**TASK**
Repeat everything from the first line of the listing below through the line that contains "doc.layers.add('TREES', color=3, linetype='Continuous')", exactly. Leave out pictures.

**RECORDS FOR THE EXERCISE**
────────────────────────────────────────

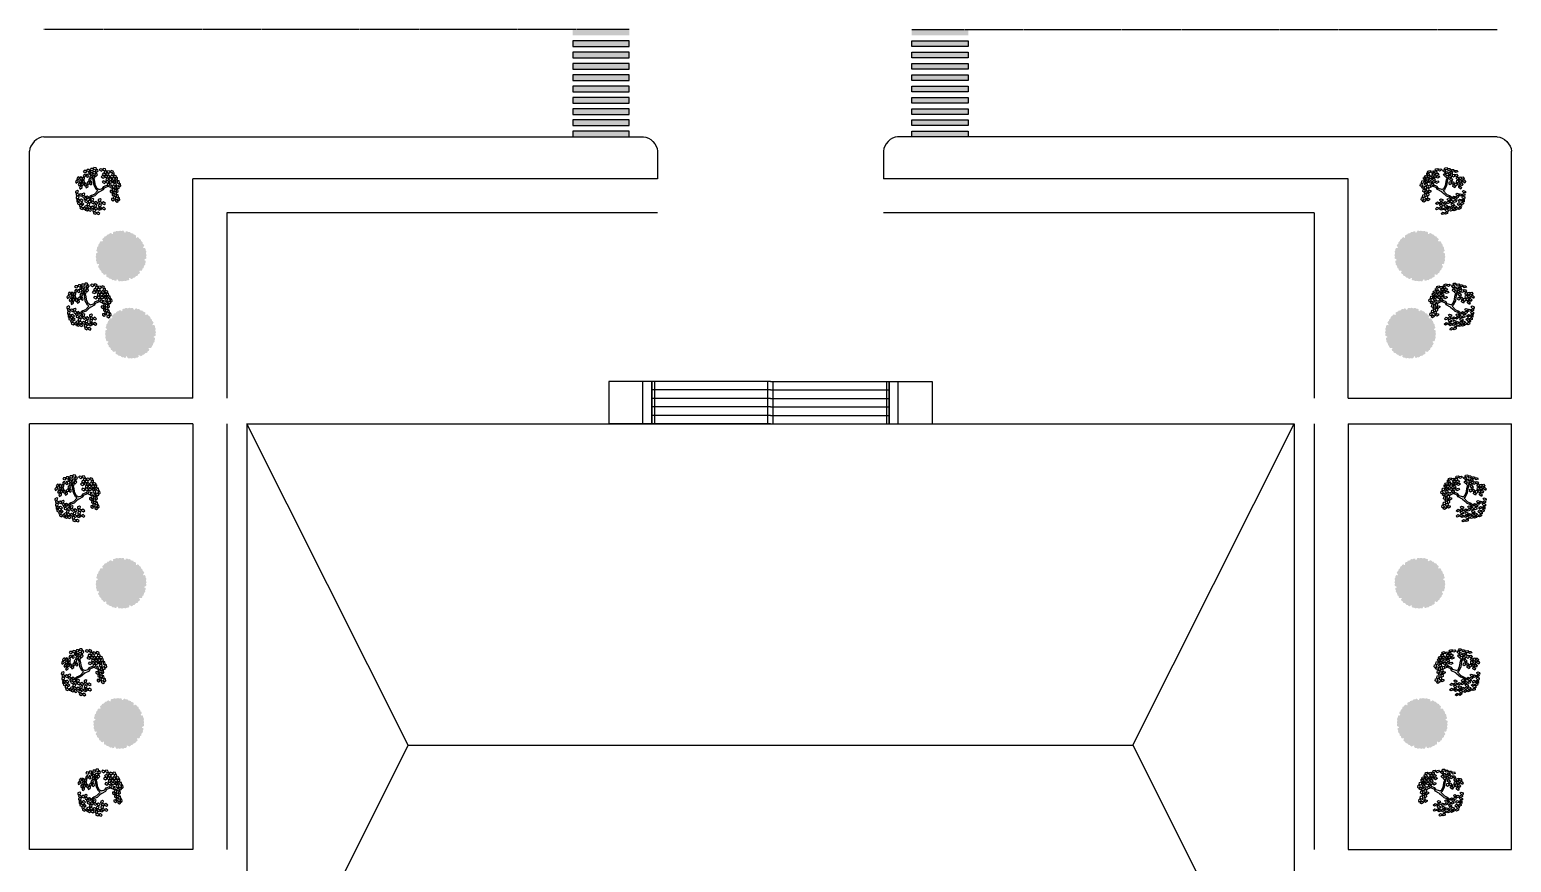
# Model space of a CAD drawing. Header units: millimetres. Extents: x -273369 to 399464, y -35443 to 194245.
# Drawn here: x 285771 to 298881, y 160474 to 167846 of the extents above; entities that cross this region are included whole.
import ezdxf

# ---------------------------------------------------------------- set-up
doc = ezdxf.new("R2010")
doc.units = ezdxf.units.MM
doc.linetypes.add('ACAD_ISO02W100', pattern=[15, 12, -3])
doc.layers.add('TREES', color=3, linetype='Continuous')

# ---------------------------------------------------------------- blocks, each defined once
blk = doc.blocks.new('R_TREE9')
at = {"layer": 'TREES', "color": 3}
for p, q in [((-707, 879), (-583, 895)), ((-683, 802), (-707, 879)), ((-699, 992), (-617, 1059)), ((-690, 932), (-699, 992)), ((-618, 922), (-690, 932)), ((-579, 788), (-683, 802)), ((-681, 728), (-599, 795)), ((-545, 1024), (-618, 922)), ((-617, 1059), (-545, 1024)), ((-527, 760), (-600, 658)), ((-599, 795), (-527, 760)), ((-583, 895), (-540, 835)), ((-540, 835), (-579, 788)), ((-555, 754), (-431, 769)), ((-547, 867), (-465, 934)), ((-538, 807), (-547, 867)), ((-540, 1054), (-459, 1120)), ((-532, 993), (-540, 1054)), ((-466, 797), (-538, 807)), ((-460, 983), (-532, 993)), ((-393, 899), (-466, 797)), ((-465, 934), (-393, 899)), ((-386, 1085), (-460, 983)), ((-459, 1120), (-386, 1085)), ((-431, 769), (-388, 710)), ((-389, 786), (-307, 853)), ((-381, 725), (-389, 786)), ((-388, 928), (-307, 995)), ((-380, 868), (-388, 928)), ((-308, 858), (-380, 868)), ((-235, 960), (-308, 858)), ((-235, 817), (-308, 716)), ((-307, 995), (-235, 960)), ((-307, 853), (-235, 817)), ((-231, 847), (-149, 914)), ((-223, 786), (-231, 847)), ((-150, 777), (-223, 786)), ((-77, 878), (-150, 777)), ((-149, 914), (-77, 878)), ((3, 1024), (43, 1121)), ((39, 974), (3, 1024)), ((108, 1000), (39, 974)), ((43, 1121), (124, 1124)), ((124, 1124), (108, 1000)), ((126, 692), (166, 790)), ((143, 1027), (171, 1094)), ((222, 930), (143, 1027)), ((161, 858), (189, 926)), ((241, 761), (161, 858)), ((166, 790), (247, 793)), ((171, 1094), (232, 1087)), ((189, 926), (250, 918)), ((275, 991), (222, 930)), ((247, 793), (230, 669)), ((232, 1087), (275, 991)), ((294, 822), (241, 761)), ((250, 918), (294, 822)), ((266, 695), (294, 763)), ((278, 993), (318, 1090)), ((314, 943), (278, 993)), ((294, 763), (354, 755)), ((382, 969), (314, 943)), ((318, 1090), (399, 1093)), ((399, 1093), (382, 969)), ((418, 996), (445, 1063)), ((497, 899), (418, 996)), ((436, 827), (464, 895)), ((516, 730), (436, 827)), ((445, 1063), (506, 1056)), ((459, 955), (499, 1052)), ((495, 906), (459, 955)), ((464, 895), (525, 887)), ((563, 931), (495, 906)), ((550, 960), (497, 899)), ((499, 1052), (580, 1055)), ((506, 1056), (550, 960)), ((568, 791), (516, 730)), ((525, 887), (568, 791)), ((580, 1055), (563, 931)), ((599, 958), (626, 1026)), ((678, 861), (599, 958)), ((617, 789), (645, 857)), ((697, 693), (617, 789)), ((626, 1026), (687, 1018)), ((645, 857), (706, 849)), ((731, 922), (678, 861)), ((687, 1018), (731, 922)), ((698, 824), (739, 921)), ((734, 774), (698, 824)), ((706, 849), (749, 754)), ((803, 800), (734, 774)), ((739, 921), (819, 924)), ((819, 924), (803, 800)), ((838, 827), (866, 894)), ((918, 730), (838, 827)), ((866, 894), (927, 887)), ((970, 791), (918, 730)), ((927, 887), (970, 791)), ((-1172, 180), (-1100, 217)), ((-1168, 75), (-1172, 180)), ((-1115, 45), (-1168, 75)), ((-1125, 343), (-1053, 380)), ((-1121, 238), (-1125, 343)), ((-1068, 208), (-1121, 238)), ((-1063, 97), (-1115, 45)), ((-1100, 217), (-1063, 97)), ((-1083, 0), (-1020, 108)), ((-1079, 525), (-1007, 561)), ((-1075, 419), (-1079, 525)), ((-1021, 389), (-1075, 419)), ((-1016, 260), (-1068, 208)), ((-1053, 380), (-1016, 260)), ((-1032, 688), (-960, 724)), ((-1028, 582), (-1032, 688)), ((-975, 552), (-1028, 582)), ((-970, 441), (-1021, 389)), ((-1020, 108), (-947, 106)), ((-1007, 561), (-970, 441)), ((-933, 47), (-1007, -28)), ((-989, 344), (-927, 453)), ((-914, 316), (-989, 344)), ((-923, 604), (-975, 552)), ((-962, 212), (-890, 248)), ((-958, 106), (-962, 212)), ((-960, 724), (-923, 604)), ((-905, 76), (-958, 106)), ((-947, 106), (-933, 47)), ((-927, 453), (-854, 450)), ((-915, 375), (-843, 411)), ((-911, 269), (-915, 375)), ((-839, 391), (-914, 316)), ((-858, 239), (-911, 269)), ((-853, 128), (-905, 76)), ((-890, 248), (-853, 128)), ((-873, 31), (-810, 140)), ((-797, 3), (-873, 31)), ((-806, 291), (-858, 239)), ((-854, 450), (-839, 391)), ((-847, 553), (-723, 569)), ((-824, 476), (-847, 553)), ((-843, 411), (-806, 291)), ((-839, 667), (-757, 734)), ((-830, 606), (-839, 667)), ((-758, 597), (-830, 606)), ((-719, 462), (-824, 476)), ((-810, 140), (-737, 137)), ((-723, 78), (-797, 3)), ((-795, 222), (-671, 238)), ((-771, 145), (-795, 222)), ((-786, 335), (-705, 402)), ((-778, 275), (-786, 335)), ((-705, 265), (-778, 275)), ((-667, 131), (-771, 145)), ((-685, 698), (-758, 597)), ((-757, 734), (-685, 698)), ((-737, 137), (-723, 78)), ((-723, 569), (-681, 510)), ((-681, 510), (-719, 462)), ((-705, 402), (-632, 367)), ((-632, 367), (-705, 265)), ((-672, 667), (-681, 728)), ((-600, 658), (-672, 667)), ((-671, 238), (-628, 178)), ((-628, 178), (-667, 131)), ((-545, 145), (-656, 220)), ((-545, 214), (-650, 277)), ((-628, 396), (-547, 463)), ((-620, 336), (-628, 396)), ((-547, 326), (-620, 336)), ((-532, 676), (-555, 754)), ((-547, 463), (-474, 428)), ((-474, 428), (-547, 326)), ((-253, 177), (-545, 214)), ((-258, 95), (-545, 145)), ((-427, 662), (-532, 676)), ((-462, 372), (-338, 388)), ((-438, 295), (-462, 372)), ((-453, 485), (-372, 552)), ((-445, 425), (-453, 485)), ((-372, 415), (-445, 425)), ((-334, 281), (-438, 295)), ((-388, 710), (-427, 662)), ((-397, 672), (-273, 688)), ((-374, 595), (-397, 672)), ((-308, 716), (-381, 725)), ((-269, 581), (-374, 595)), ((-372, 552), (-299, 517)), ((-299, 517), (-372, 415)), ((-338, 388), (-295, 328)), ((-295, 328), (-334, 281)), ((-295, 547), (-214, 613)), ((-287, 486), (-295, 547)), ((-214, 476), (-287, 486)), ((-273, 688), (-231, 629)), ((-231, 629), (-269, 581)), ((-101, 14), (-258, 95)), ((-60, 70), (-253, 177)), ((-214, 613), (-141, 578)), ((-141, 578), (-214, 476)), ((-60, -80), (-101, 14)), ((4, -11), (-60, 70)), ((4, -11), (197, 164)), ((63, -93), (174, 33)), ((162, 643), (126, 692)), ((230, 669), (162, 643)), ((174, 33), (267, 133)), ((197, 164), (256, 302)), ((256, 302), (308, 383)), ((345, 598), (266, 695)), ((267, 133), (320, 283)), ((284, 527), (312, 594)), ((364, 430), (284, 527)), ((308, 383), (367, 421)), ((312, 594), (373, 587)), ((320, 283), (408, 389)), ((342, 580), (382, 677)), ((378, 530), (342, 580)), ((398, 659), (345, 598)), ((354, 755), (398, 659)), ((416, 491), (364, 430)), ((367, 421), (390, 489)), ((373, 587), (416, 491)), ((446, 556), (378, 530)), ((382, 677), (463, 680)), ((400, 242), (441, 339)), ((436, 192), (400, 242)), ((408, 389), (507, 421)), ((505, 218), (436, 192)), ((441, 339), (521, 342)), ((463, 680), (446, 556)), ((482, 582), (510, 650)), ((561, 486), (482, 582)), ((500, 414), (528, 482)), ((580, 317), (500, 414)), ((521, 342), (505, 218)), ((510, 650), (570, 643)), ((528, 482), (589, 474)), ((540, 244), (568, 312)), ((620, 148), (540, 244)), ((559, 76), (587, 144)), ((638, -21), (559, 76)), ((614, 547), (561, 486)), ((568, 312), (629, 305)), ((570, 643), (614, 547)), ((632, 378), (580, 317)), ((587, 144), (647, 136)), ((589, 474), (632, 378)), ((672, 209), (620, 148)), ((629, 305), (672, 209)), ((691, 40), (638, -21)), ((640, 436), (680, 533)), ((676, 386), (640, 436)), ((647, 136), (691, 40)), ((744, 412), (676, 386)), ((680, 533), (761, 536)), ((749, 754), (697, 693)), ((722, 85), (762, 183)), ((757, 36), (722, 85)), ((761, 536), (744, 412)), ((826, 61), (757, 36)), ((762, 183), (843, 186)), ((768, 561), (809, 658)), ((804, 511), (768, 561)), ((780, 439), (808, 506)), ((859, 342), (780, 439)), ((798, 270), (826, 338)), ((878, 173), (798, 270)), ((873, 537), (804, 511)), ((808, 506), (868, 499)), ((809, 658), (889, 661)), ((826, 338), (887, 330)), ((843, 186), (826, 61)), ((857, 658), (885, 726)), ((936, 561), (857, 658)), ((912, 403), (859, 342)), ((861, 88), (889, 156)), ((941, -9), (861, 88)), ((868, 499), (912, 403)), ((889, 661), (873, 537)), ((930, 234), (878, 173)), ((885, 726), (945, 718)), ((887, 330), (930, 234)), ((889, 156), (950, 148)), ((908, 564), (936, 631)), ((988, 467), (908, 564)), ((927, 395), (955, 463)), ((1006, 298), (927, 395)), ((936, 631), (997, 624)), ((989, 622), (936, 561)), ((994, 52), (941, -9)), ((944, 135), (984, 233)), ((979, 86), (944, 135)), ((945, 718), (989, 622)), ((950, 148), (994, 52)), ((955, 463), (1015, 455)), ((1048, 111), (979, 86)), ((984, 233), (1065, 236)), ((1040, 528), (988, 467)), ((997, 624), (1040, 528)), ((1059, 359), (1006, 298)), ((1015, 455), (1059, 359)), ((1065, 236), (1048, 111)), ((1083, 138), (1111, 206)), ((1163, 41), (1083, 138)), ((1102, -31), (1130, 37)), ((1111, 206), (1172, 198)), ((1130, 37), (1191, 30)), ((1216, 102), (1163, 41)), ((1172, 198), (1216, 102)), ((1191, 30), (1234, -66)), ((-1131, -311), (-1068, -261)), ((-1105, -413), (-1131, -311)), ((-1119, -142), (-1057, -91)), ((-1093, -244), (-1119, -142)), ((-1046, -431), (-1105, -413)), ((-1035, -262), (-1093, -244)), ((-1007, -28), (-1083, 0)), ((-1068, -261), (-1007, -370)), ((-1057, -91), (-996, -201)), ((-1007, -370), (-1046, -431)), ((-996, -201), (-1035, -262)), ((-1026, -693), (-963, -642)), ((-1000, -795), (-1026, -693)), ((-1014, -524), (-952, -473)), ((-988, -626), (-1014, -524)), ((-1005, -469), (-967, -350)), ((-926, -480), (-1005, -469)), ((-930, -644), (-988, -626)), ((-967, -350), (-895, -336)), ((-963, -642), (-902, -752)), ((-952, -473), (-890, -582)), ((-902, -752), (-941, -813)), ((-890, -582), (-930, -644)), ((-869, -392), (-926, -480)), ((-903, -461), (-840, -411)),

────────────────────────────────────────

**TASK ANSWER**
# Model space of a CAD drawing. Header units: millimetres. Extents: x -273369 to 399464, y -35443 to 194245.
# Drawn here: x 285771 to 298881, y 160474 to 167846 of the extents above; entities that cross this region are included whole.
import ezdxf

# ---------------------------------------------------------------- set-up
doc = ezdxf.new("R2010")
doc.units = ezdxf.units.MM
doc.linetypes.add('ACAD_ISO02W100', pattern=[15, 12, -3])
doc.layers.add('TREES', color=3, linetype='Continuous')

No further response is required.